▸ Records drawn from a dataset
■ ■ ■ ■

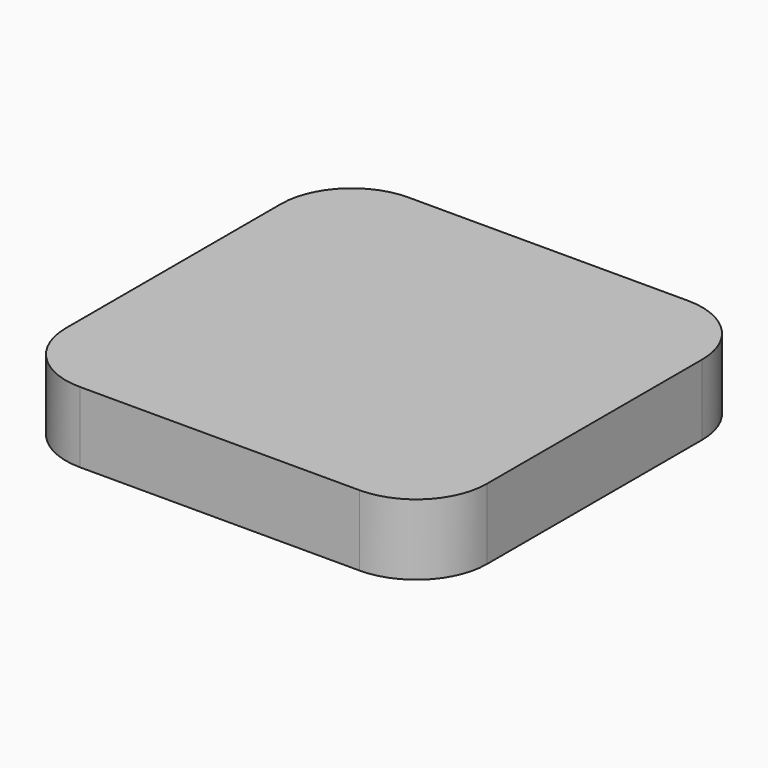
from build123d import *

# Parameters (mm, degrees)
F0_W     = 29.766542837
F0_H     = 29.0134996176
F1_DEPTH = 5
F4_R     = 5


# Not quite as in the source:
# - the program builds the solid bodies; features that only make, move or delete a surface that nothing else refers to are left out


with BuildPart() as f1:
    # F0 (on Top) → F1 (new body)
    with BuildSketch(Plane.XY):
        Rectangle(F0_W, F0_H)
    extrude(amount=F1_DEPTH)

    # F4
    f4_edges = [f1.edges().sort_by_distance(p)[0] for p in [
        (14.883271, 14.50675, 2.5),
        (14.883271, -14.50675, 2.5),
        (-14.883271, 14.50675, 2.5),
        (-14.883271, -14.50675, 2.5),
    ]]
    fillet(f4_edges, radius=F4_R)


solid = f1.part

■ ■ ■ ■

▸ EXERCISE INSTRUCTIONS
Your task is to repeat the opening line of the entries above and each line after it, ending with the line that has "# Not quite". Do not include the pictures.

▸ ANSWER
from build123d import *

# Parameters (mm, degrees)
F0_W     = 29.766542837
F0_H     = 29.0134996176
F1_DEPTH = 5
F4_R     = 5


# Not quite as in the source:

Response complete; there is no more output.